Highlights & Insights¶

Using the second-order expansion of KL as "output space sharpness" is the most elegant contribution of the paper. it simultaneously solves three problems: single-model computation, differentiability, and label-free requirements.
The Power Iteration perspective on SAM explains why \(K=1\) is sufficient and offers a more geometric interpretation: SAM and IAM essentially suppress eigenvalues on the FIM principal axes.
The gains in semi-supervised learning suggest that many SSL methods only penalize consistency loss and ignore the worst-case output shift under parameter perturbation.

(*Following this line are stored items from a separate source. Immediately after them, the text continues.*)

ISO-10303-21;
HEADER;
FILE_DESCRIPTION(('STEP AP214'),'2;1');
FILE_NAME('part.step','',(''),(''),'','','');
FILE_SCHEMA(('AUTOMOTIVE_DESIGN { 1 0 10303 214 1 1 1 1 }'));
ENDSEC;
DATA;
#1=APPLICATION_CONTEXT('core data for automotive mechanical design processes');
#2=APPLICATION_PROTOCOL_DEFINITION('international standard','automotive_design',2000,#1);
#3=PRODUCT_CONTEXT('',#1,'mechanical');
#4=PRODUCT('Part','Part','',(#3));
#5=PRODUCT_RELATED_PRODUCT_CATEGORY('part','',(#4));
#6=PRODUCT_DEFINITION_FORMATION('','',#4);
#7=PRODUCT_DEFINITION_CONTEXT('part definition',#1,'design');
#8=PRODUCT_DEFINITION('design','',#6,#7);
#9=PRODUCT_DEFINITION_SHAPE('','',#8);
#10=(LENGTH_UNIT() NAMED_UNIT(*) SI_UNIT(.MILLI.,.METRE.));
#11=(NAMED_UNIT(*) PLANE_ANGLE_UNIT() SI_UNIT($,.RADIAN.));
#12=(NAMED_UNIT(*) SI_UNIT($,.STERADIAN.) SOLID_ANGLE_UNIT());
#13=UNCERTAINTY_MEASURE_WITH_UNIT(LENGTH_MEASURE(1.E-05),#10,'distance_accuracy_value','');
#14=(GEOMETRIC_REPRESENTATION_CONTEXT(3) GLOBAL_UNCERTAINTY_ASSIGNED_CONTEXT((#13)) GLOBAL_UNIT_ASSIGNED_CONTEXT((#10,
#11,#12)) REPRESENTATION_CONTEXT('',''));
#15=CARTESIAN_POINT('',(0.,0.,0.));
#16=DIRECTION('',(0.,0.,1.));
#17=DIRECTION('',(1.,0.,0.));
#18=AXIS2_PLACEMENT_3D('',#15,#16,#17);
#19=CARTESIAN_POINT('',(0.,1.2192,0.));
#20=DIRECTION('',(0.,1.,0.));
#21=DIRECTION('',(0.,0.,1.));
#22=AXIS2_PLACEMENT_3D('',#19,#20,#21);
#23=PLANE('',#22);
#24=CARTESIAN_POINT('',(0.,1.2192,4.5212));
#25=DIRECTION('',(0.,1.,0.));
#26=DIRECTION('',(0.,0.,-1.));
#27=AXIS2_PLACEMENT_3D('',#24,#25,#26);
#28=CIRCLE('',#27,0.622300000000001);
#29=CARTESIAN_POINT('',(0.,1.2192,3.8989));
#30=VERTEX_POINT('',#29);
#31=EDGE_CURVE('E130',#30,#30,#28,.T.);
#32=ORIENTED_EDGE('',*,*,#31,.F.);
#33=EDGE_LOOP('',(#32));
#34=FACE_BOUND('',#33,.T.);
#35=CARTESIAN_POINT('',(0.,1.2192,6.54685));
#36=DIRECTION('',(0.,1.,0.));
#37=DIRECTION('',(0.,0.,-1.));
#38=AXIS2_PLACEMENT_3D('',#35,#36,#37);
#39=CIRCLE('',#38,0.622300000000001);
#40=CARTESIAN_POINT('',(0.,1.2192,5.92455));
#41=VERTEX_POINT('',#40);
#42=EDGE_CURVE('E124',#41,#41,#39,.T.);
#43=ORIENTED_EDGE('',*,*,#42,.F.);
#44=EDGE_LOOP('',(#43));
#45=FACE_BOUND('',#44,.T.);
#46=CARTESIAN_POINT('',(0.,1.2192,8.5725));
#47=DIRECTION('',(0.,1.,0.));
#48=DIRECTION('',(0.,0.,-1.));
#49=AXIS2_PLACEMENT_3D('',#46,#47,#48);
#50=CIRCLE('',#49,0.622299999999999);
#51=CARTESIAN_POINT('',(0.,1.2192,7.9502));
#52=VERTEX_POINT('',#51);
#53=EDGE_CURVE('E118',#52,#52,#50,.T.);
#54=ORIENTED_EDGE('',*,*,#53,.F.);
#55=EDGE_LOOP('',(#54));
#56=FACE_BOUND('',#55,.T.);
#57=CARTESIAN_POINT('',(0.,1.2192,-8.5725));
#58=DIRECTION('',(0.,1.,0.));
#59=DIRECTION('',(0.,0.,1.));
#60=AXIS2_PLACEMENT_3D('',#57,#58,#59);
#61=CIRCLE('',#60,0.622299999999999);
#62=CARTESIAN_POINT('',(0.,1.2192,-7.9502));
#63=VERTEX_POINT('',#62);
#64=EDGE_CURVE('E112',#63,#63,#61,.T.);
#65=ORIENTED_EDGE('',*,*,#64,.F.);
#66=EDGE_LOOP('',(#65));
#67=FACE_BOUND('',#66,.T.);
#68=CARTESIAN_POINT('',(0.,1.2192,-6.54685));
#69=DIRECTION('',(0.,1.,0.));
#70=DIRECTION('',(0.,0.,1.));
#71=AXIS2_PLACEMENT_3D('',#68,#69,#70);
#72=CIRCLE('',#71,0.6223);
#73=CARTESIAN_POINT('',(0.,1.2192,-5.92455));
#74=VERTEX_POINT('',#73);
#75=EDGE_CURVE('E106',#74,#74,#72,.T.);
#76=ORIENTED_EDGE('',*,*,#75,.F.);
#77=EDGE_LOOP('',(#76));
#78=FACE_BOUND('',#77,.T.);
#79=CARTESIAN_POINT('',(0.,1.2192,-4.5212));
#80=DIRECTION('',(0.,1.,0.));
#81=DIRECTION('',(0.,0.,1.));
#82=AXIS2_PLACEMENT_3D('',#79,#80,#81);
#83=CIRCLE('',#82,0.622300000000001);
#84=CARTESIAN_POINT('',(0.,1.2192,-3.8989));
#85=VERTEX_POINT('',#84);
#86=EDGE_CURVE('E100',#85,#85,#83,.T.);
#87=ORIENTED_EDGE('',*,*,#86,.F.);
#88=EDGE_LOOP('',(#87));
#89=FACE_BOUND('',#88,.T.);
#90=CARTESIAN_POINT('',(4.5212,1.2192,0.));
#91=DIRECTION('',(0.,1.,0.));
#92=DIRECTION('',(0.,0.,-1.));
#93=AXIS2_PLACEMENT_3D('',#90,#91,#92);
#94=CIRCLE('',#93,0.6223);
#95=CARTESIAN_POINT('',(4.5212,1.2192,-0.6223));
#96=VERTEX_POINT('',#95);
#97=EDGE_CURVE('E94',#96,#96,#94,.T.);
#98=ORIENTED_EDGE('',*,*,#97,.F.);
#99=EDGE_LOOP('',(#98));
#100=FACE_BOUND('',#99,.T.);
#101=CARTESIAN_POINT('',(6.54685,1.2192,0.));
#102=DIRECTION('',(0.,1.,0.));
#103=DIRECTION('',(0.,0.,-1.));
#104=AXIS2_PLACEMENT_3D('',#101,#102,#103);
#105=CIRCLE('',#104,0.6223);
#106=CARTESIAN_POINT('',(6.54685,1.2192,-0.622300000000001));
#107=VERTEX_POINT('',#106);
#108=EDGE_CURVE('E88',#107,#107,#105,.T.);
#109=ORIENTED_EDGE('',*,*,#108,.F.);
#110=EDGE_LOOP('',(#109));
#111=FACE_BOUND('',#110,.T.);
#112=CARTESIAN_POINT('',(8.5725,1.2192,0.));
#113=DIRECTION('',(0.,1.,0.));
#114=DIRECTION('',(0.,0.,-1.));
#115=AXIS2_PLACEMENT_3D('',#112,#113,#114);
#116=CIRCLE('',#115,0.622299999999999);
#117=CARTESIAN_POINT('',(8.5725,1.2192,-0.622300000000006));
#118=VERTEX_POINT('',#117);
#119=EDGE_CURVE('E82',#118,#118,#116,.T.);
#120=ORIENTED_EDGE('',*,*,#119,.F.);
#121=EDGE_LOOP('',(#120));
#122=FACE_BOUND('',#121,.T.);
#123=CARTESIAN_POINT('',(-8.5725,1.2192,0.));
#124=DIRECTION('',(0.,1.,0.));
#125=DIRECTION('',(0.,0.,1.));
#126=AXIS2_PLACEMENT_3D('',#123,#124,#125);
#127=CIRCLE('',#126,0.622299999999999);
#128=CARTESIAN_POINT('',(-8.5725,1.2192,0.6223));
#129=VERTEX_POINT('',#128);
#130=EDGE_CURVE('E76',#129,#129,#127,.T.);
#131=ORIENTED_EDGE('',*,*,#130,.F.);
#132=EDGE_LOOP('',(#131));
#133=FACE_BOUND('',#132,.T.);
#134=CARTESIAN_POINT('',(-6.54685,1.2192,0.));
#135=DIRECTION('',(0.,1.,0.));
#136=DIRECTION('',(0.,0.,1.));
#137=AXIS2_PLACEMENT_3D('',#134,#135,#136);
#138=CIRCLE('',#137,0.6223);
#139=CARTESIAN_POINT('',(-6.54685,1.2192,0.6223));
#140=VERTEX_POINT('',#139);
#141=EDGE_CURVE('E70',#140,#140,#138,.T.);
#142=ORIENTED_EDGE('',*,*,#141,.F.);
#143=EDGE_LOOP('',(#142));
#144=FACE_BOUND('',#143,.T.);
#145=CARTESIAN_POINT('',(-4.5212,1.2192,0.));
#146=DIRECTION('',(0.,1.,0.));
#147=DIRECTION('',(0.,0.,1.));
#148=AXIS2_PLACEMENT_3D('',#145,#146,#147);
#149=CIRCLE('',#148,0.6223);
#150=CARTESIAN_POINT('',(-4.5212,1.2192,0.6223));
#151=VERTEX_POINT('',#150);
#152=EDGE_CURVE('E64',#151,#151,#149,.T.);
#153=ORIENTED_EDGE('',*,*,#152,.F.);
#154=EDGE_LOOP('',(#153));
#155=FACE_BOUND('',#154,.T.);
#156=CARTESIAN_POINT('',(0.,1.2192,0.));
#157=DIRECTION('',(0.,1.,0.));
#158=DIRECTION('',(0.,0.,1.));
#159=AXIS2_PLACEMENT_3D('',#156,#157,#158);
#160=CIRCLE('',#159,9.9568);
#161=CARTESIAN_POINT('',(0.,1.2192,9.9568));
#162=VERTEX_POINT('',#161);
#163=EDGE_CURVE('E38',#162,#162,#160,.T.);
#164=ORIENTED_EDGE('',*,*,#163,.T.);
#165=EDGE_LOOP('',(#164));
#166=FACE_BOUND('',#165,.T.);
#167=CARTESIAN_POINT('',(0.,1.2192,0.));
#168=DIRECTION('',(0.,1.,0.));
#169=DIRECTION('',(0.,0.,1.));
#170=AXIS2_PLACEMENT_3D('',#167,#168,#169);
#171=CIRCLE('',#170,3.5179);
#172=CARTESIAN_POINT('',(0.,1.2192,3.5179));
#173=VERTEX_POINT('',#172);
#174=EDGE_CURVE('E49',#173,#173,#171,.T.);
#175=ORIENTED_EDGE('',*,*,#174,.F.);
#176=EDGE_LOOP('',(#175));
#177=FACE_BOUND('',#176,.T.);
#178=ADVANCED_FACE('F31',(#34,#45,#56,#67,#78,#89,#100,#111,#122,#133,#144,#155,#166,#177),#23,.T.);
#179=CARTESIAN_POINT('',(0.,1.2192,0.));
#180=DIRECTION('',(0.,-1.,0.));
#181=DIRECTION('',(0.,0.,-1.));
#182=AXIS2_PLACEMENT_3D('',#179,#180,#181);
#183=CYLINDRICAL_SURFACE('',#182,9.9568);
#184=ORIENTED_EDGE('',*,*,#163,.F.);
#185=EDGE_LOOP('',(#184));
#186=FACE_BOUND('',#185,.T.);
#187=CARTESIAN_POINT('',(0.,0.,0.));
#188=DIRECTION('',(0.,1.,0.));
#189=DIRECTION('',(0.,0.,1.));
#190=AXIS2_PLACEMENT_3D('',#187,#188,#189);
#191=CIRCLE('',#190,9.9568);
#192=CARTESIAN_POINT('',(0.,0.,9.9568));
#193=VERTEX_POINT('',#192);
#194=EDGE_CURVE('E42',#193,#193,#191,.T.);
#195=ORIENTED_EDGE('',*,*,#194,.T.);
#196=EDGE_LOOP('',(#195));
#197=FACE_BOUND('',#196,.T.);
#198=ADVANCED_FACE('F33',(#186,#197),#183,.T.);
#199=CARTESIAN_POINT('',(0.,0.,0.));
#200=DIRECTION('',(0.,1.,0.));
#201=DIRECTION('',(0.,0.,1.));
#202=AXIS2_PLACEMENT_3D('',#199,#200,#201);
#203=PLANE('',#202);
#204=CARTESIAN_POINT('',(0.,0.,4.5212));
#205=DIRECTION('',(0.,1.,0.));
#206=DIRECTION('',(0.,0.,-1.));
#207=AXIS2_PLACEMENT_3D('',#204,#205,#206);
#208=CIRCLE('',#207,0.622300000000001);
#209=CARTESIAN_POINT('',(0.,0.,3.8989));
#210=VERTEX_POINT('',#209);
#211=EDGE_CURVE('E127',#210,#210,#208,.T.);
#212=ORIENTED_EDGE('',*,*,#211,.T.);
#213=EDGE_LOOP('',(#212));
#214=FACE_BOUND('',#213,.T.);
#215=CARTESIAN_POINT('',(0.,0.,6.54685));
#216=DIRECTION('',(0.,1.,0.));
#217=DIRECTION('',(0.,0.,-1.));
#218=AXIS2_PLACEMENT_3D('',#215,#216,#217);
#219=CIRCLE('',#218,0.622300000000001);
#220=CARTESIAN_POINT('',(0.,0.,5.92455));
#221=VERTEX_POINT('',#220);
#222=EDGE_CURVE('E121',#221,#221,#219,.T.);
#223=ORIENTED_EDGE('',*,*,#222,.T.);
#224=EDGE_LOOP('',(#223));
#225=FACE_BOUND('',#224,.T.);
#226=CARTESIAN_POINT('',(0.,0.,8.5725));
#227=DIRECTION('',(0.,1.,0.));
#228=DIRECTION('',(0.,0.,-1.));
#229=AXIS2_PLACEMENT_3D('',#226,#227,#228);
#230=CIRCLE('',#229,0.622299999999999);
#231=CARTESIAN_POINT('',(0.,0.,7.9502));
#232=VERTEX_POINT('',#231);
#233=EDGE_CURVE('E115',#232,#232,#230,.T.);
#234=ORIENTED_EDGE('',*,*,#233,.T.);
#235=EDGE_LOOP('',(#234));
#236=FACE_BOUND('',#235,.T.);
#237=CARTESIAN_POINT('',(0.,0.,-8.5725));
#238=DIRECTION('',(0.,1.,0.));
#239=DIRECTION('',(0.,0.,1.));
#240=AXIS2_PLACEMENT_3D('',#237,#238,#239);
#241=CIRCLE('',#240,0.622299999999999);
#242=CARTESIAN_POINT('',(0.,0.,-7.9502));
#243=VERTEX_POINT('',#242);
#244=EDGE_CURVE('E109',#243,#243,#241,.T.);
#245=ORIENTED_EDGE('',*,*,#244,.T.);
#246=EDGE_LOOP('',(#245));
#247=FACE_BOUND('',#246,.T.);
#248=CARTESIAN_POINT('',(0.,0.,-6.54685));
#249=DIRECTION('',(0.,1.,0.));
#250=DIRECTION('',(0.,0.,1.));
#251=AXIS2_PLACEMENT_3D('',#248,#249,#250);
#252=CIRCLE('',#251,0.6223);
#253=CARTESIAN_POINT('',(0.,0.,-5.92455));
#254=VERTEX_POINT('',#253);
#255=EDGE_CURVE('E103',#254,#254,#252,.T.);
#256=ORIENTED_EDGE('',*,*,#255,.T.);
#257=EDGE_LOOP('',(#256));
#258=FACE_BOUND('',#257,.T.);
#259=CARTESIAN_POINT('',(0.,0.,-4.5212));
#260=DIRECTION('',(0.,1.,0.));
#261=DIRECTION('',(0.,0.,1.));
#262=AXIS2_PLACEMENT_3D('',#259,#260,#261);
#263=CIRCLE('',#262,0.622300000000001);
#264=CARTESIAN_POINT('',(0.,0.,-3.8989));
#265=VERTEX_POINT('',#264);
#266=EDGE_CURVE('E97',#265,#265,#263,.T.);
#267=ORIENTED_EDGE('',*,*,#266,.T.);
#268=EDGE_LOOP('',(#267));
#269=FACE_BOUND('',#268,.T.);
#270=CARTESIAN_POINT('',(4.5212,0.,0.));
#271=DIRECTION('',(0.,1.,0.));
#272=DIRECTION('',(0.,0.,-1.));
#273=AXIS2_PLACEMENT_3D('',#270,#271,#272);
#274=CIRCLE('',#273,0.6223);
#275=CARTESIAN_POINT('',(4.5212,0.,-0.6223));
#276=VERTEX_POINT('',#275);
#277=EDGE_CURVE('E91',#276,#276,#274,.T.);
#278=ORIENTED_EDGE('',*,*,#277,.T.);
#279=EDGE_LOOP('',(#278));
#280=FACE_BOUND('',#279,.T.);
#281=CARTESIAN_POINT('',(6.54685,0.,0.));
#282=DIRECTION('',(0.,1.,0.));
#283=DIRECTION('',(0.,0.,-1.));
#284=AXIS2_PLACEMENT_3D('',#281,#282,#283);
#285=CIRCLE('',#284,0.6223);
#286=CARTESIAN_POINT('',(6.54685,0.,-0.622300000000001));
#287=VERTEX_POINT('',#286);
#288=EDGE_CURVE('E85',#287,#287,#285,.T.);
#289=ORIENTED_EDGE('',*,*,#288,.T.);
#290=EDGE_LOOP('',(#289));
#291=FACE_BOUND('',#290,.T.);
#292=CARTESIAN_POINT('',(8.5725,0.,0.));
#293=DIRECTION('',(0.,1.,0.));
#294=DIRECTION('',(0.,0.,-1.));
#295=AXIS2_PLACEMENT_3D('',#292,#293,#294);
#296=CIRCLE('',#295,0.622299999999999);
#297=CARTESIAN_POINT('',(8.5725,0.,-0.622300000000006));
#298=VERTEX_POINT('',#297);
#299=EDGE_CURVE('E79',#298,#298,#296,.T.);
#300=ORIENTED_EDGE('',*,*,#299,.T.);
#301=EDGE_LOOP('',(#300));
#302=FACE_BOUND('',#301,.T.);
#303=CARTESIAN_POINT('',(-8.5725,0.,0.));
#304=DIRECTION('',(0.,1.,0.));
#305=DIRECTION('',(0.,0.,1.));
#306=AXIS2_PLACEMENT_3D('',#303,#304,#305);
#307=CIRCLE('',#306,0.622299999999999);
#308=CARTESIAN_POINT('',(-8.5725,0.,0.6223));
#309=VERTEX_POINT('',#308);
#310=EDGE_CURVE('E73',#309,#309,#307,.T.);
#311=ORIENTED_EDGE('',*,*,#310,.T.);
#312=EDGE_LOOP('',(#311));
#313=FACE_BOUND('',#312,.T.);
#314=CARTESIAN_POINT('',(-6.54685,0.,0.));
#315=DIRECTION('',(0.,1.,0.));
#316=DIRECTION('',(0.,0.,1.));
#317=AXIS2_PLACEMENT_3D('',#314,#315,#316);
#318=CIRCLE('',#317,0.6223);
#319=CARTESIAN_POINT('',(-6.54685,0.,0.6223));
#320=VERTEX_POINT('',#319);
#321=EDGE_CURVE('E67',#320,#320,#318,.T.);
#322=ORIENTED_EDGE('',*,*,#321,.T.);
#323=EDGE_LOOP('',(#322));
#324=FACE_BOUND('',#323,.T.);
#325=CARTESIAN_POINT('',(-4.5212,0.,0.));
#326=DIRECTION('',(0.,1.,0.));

The latter can serve as a new SSL regularization suite applicable to any network with a probability distribution output.

Limitations & Future Work¶

Estimating \(S_\rho\) still requires an additional full-model backpropagation, doubling the cost compared to SGD. The authors acknowledge the need for cheaper versions (e.g., low-rank FIM approximations or Hutchinson estimators).
The theoretical analysis (Theorem 4.1) relies on the near-interpolation assumption \(\varepsilon_R\in\approx 0\); the gap between \(\lambda_{\max}(F)\) and \(\lambda_{\max}(H)\) in early training stages remains uncovered.
Experiments were limited to CV with ResNet/WRN/ViT. Validation on LLMs, diffusion models, and regression tasks is still needed.
For self-supervised learning, only SimCLR + ResNet-18 was tested; the sensitivity of \(\rho\) and \(\beta\) in large-scale SSL requires more systematic reporting.

vs SAM (Foret et al., 2021): SAM computes gradients at the worst perturbation of the training loss, requiring \(y\). IAM computes \(L\) gradients at the worst KL perturbation point (IAM-S) or uses soft regularization (IAM-D), which is label-free.
vs ASAM (Kwon et al., 2021): ASAM addresses SAM's scale invariance via adaptive sharpness but still depends on training loss. IAM naturally achieves scale invariance through the output KL (softmax is invariant to linear reparameterization).
vs Johnson & Zhang (2023) Inconsistency: Their inconsistency involves training multiple models; this paper proves that under isotropic posterior assumptions, \(S_\rho\) is proportional to their conditional inconsistency, essentially compressing the multi-model measure into a differentiable single-model version.
vs Explicit Jacobian Regularization (Lee et al., 2023): They show that random noise projected onto the Jacobian column space becomes a meaningful perturbation. IAM's \(F(\theta)\varepsilon\) is an instantiation of this mechanism on the FIM principal axes.

Rating¶

Novelty: ⭐⭐⭐⭐ Clean perspective using KL expansion as output space sharpness for SSL, though individual components (FIM/SAM) are established.
Experimental Thoroughness: ⭐⭐⭐⭐ Covers CIFAR/ImageNet + Semi/Self-supervised; lacks LLMs/diffusion models.
Writing Quality: ⭐⭐⭐⭐ Clear theory and algorithm descriptions, though some figures are scattered.
Value: ⭐⭐⭐⭐ Immediate practical value for SSL as a plug-in regularizer and provides a new coordinate for sharpness generalization theory.